▶ EXERCISE BRIEF: Please copy each line in the records below that contains the string "extrude".

[RECORD SET — start]

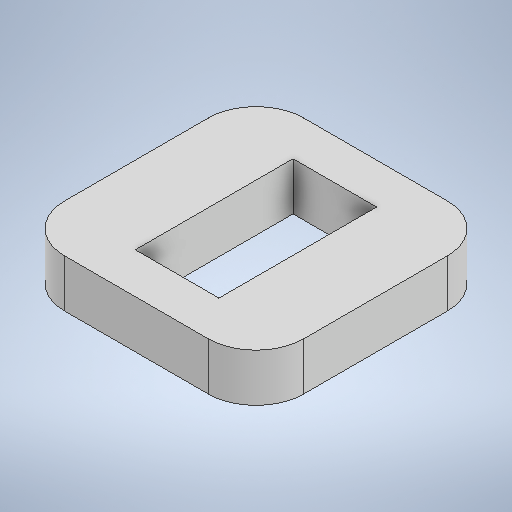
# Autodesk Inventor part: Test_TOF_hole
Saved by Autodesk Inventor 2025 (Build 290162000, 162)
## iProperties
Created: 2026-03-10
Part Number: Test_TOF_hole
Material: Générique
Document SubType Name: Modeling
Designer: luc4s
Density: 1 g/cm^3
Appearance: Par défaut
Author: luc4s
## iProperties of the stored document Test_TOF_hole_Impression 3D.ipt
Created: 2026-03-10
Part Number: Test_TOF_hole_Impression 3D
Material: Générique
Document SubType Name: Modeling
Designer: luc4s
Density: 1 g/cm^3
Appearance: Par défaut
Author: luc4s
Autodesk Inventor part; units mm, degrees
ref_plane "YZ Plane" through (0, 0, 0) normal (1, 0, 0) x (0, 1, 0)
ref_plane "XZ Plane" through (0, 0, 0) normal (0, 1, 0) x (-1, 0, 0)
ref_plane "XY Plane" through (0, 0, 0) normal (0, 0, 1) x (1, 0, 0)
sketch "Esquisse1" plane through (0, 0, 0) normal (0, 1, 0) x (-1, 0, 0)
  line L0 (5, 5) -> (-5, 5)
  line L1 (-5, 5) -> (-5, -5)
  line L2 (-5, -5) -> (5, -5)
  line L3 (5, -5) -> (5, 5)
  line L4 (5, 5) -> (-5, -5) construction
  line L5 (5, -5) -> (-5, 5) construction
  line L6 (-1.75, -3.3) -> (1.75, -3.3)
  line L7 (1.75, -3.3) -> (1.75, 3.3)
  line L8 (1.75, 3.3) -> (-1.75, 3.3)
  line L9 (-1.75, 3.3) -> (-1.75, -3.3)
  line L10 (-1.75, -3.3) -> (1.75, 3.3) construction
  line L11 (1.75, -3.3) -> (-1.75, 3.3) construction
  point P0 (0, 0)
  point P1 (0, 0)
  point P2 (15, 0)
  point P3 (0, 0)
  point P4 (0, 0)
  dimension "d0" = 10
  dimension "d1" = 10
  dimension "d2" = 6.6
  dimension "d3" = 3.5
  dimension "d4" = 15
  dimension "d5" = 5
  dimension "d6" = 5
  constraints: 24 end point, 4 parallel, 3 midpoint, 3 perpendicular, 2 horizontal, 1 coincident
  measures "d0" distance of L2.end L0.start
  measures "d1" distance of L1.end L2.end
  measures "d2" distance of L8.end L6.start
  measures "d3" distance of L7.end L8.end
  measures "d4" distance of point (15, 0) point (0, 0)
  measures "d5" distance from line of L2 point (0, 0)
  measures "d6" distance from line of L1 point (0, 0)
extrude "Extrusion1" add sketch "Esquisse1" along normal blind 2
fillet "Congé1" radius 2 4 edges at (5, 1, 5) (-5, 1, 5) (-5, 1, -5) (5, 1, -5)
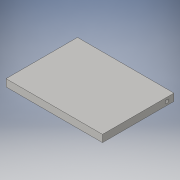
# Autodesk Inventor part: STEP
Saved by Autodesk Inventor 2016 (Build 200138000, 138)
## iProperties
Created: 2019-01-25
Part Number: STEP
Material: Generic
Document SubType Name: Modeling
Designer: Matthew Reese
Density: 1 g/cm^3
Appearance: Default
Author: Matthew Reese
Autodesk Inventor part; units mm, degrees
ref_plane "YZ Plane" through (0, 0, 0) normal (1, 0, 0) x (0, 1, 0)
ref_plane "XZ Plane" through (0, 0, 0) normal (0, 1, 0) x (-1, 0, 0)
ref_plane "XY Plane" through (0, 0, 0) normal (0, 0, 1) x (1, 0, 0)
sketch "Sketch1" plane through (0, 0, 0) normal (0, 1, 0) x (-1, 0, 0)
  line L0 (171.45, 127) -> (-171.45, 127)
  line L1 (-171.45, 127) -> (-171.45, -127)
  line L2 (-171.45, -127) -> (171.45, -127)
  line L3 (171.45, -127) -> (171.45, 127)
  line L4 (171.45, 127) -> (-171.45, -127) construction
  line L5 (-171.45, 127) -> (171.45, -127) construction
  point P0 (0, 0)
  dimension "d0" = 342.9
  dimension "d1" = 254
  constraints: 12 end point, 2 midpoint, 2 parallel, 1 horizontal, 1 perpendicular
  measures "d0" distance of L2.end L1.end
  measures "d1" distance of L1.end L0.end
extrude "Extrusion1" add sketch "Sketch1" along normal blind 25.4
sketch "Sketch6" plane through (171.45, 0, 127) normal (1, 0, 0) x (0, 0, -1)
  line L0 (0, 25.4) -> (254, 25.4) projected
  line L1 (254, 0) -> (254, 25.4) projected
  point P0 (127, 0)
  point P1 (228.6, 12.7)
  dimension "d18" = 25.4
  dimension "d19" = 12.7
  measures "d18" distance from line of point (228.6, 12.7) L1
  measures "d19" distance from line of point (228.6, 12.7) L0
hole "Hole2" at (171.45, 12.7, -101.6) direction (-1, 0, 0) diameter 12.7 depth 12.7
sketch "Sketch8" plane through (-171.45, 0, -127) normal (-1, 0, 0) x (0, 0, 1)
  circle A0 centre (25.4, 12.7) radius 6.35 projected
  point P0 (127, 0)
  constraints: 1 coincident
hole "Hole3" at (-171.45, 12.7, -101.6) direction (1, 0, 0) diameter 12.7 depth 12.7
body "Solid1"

[RECORD SET — finish]

▶ TASK OUTPUT:
extrude "Extrusion1" add sketch "Esquisse1" along normal blind 2
extrude "Extrusion1" add sketch "Sketch1" along normal blind 25.4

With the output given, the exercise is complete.